§ Task instructions
Read through the records below and copy each line that uses the word "font".

§ Information provided

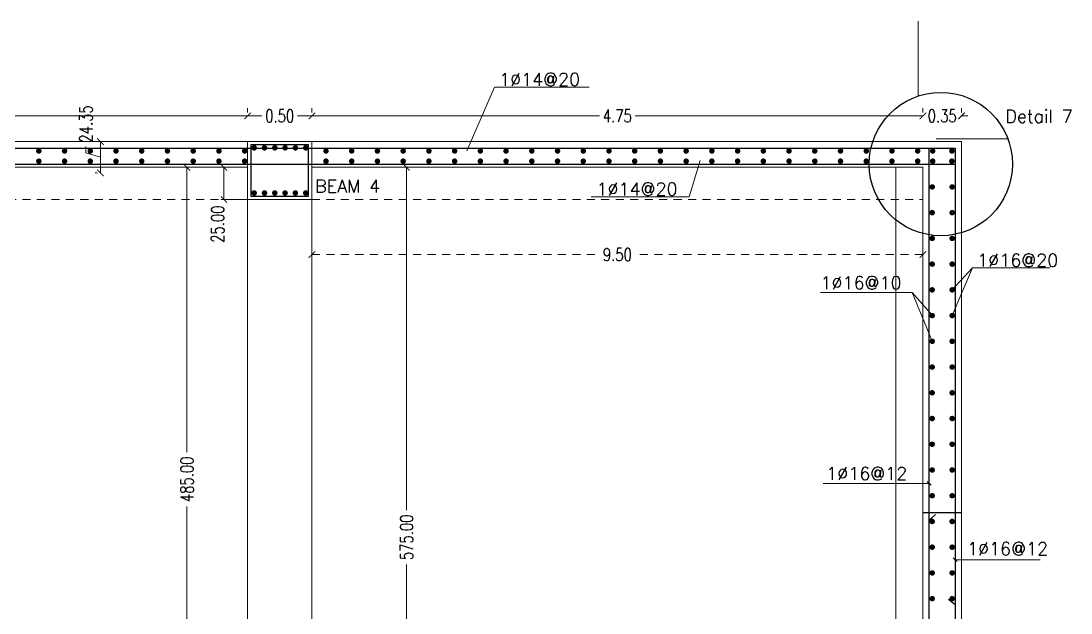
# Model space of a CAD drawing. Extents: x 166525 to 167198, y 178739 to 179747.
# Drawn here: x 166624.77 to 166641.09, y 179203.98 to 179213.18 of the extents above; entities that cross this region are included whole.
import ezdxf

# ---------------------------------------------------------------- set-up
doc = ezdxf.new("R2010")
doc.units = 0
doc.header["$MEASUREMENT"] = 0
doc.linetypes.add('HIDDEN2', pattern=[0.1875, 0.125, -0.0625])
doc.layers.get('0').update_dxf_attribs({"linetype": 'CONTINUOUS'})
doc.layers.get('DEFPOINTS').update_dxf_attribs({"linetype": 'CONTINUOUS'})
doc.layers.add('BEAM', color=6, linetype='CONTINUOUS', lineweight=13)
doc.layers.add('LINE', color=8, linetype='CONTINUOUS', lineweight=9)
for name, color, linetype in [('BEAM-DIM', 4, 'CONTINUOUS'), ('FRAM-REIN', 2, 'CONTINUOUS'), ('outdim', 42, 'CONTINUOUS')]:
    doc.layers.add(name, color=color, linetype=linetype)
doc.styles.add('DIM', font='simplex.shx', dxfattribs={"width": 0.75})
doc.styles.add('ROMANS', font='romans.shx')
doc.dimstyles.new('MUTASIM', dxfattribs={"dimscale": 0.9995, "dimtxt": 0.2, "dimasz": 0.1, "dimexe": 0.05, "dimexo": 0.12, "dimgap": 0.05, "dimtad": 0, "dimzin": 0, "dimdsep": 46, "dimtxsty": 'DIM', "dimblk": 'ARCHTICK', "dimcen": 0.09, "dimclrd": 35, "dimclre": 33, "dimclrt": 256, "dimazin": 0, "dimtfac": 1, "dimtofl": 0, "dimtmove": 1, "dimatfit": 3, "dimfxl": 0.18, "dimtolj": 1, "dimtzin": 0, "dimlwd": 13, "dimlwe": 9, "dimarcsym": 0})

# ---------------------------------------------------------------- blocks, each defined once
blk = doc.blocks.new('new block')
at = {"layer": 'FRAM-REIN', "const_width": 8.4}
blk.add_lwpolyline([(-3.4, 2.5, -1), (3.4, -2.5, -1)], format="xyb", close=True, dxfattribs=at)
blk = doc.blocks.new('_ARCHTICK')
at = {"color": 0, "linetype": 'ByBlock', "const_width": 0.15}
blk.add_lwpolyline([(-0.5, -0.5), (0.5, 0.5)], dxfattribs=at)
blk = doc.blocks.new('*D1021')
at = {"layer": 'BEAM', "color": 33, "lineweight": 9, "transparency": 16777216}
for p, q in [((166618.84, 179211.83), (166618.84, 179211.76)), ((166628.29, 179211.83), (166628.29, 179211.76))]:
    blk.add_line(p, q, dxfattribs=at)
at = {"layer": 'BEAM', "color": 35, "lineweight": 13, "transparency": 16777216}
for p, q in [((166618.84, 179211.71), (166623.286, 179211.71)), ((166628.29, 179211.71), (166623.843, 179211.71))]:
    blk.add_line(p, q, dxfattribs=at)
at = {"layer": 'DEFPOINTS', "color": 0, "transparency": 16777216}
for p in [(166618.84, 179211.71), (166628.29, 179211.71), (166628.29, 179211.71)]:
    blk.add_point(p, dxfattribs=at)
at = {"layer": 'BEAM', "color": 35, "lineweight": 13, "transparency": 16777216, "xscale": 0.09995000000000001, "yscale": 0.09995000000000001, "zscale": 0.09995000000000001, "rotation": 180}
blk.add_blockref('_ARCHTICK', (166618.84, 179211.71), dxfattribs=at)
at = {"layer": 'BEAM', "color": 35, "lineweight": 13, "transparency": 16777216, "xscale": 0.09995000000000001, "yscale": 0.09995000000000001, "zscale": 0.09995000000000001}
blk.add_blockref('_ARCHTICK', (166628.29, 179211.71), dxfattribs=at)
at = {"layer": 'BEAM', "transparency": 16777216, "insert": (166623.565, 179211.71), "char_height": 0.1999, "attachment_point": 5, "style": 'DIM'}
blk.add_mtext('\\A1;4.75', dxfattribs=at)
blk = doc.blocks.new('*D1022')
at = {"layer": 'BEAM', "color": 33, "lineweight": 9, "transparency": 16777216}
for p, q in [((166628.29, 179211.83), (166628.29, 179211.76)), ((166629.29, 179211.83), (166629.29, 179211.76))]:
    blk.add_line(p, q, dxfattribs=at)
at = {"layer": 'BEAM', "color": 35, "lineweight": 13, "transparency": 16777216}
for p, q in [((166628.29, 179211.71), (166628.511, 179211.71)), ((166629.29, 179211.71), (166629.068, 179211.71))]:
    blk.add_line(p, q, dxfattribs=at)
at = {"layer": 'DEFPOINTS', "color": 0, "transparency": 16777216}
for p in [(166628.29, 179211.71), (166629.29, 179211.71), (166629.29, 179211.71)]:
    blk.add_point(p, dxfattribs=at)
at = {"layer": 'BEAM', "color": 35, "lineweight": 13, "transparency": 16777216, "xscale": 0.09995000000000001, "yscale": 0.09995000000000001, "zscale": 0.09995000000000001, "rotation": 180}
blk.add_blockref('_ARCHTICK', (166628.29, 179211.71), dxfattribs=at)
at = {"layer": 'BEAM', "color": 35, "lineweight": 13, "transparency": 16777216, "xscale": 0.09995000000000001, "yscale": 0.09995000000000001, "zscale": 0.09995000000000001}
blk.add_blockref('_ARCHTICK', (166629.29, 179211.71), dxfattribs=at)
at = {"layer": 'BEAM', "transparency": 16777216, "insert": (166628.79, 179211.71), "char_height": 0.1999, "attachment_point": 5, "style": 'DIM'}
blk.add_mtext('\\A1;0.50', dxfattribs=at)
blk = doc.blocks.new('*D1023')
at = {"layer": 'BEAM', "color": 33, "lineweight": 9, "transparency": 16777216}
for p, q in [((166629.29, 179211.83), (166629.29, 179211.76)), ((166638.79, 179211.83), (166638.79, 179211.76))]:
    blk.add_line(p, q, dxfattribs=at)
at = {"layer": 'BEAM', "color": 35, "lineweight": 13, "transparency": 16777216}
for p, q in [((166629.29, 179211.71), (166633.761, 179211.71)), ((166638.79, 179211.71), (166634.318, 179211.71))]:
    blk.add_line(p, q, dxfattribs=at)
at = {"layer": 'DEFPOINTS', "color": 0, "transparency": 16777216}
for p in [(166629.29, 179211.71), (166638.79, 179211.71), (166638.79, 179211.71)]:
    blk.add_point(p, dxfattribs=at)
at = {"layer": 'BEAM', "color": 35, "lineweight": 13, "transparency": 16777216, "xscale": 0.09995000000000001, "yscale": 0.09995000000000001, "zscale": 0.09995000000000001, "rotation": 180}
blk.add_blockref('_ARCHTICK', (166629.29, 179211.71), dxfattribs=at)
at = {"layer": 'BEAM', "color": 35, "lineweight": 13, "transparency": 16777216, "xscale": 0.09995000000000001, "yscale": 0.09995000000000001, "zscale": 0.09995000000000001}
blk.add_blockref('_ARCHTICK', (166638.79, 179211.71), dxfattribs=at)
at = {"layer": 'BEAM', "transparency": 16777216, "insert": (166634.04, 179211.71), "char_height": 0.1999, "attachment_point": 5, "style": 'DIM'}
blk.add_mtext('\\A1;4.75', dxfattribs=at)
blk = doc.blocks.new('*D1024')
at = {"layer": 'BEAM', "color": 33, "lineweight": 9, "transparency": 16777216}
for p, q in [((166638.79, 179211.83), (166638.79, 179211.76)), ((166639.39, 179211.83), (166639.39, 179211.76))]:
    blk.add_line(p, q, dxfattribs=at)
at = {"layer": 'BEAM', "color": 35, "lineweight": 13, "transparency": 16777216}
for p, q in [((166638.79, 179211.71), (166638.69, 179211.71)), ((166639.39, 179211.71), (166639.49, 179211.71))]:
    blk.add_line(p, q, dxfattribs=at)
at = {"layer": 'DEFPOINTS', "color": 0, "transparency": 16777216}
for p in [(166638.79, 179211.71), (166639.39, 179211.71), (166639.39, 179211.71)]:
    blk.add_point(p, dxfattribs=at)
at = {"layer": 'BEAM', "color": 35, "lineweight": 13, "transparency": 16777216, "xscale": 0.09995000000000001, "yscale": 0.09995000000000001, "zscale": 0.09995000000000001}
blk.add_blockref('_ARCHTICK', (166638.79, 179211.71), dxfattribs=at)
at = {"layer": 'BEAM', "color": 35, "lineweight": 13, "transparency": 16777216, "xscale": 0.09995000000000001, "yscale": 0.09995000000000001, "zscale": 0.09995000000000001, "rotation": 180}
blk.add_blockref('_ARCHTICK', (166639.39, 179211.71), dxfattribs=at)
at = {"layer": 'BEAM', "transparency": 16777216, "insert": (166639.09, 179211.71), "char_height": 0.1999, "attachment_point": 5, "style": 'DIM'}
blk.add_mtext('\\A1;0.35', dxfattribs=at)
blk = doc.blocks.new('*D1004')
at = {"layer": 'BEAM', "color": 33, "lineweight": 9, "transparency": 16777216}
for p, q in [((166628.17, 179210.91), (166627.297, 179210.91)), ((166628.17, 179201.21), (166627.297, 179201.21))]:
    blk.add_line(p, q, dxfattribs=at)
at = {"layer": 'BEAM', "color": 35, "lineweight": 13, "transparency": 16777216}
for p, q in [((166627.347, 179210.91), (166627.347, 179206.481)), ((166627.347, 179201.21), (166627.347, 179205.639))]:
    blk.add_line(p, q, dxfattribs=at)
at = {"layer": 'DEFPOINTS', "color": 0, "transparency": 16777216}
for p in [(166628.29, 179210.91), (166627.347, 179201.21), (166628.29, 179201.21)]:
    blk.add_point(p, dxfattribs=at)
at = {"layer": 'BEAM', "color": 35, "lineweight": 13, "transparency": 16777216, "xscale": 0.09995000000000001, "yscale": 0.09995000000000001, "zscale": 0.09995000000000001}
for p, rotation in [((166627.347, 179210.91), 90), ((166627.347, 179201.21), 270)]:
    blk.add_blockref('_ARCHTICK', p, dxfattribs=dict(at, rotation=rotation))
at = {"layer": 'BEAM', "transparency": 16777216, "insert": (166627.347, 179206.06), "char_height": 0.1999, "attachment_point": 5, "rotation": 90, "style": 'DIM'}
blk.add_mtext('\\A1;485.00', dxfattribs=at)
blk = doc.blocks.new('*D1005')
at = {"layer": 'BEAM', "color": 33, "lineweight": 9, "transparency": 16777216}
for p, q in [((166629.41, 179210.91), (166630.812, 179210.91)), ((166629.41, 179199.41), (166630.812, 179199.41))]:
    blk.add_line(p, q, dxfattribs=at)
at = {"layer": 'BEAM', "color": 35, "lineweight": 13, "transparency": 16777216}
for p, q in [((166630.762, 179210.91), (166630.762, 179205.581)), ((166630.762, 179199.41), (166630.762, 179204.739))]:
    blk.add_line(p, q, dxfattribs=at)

§ Completed exercise
doc.styles.add('DIM', font='simplex.shx', dxfattribs={"width": 0.75})
doc.styles.add('ROMANS', font='romans.shx')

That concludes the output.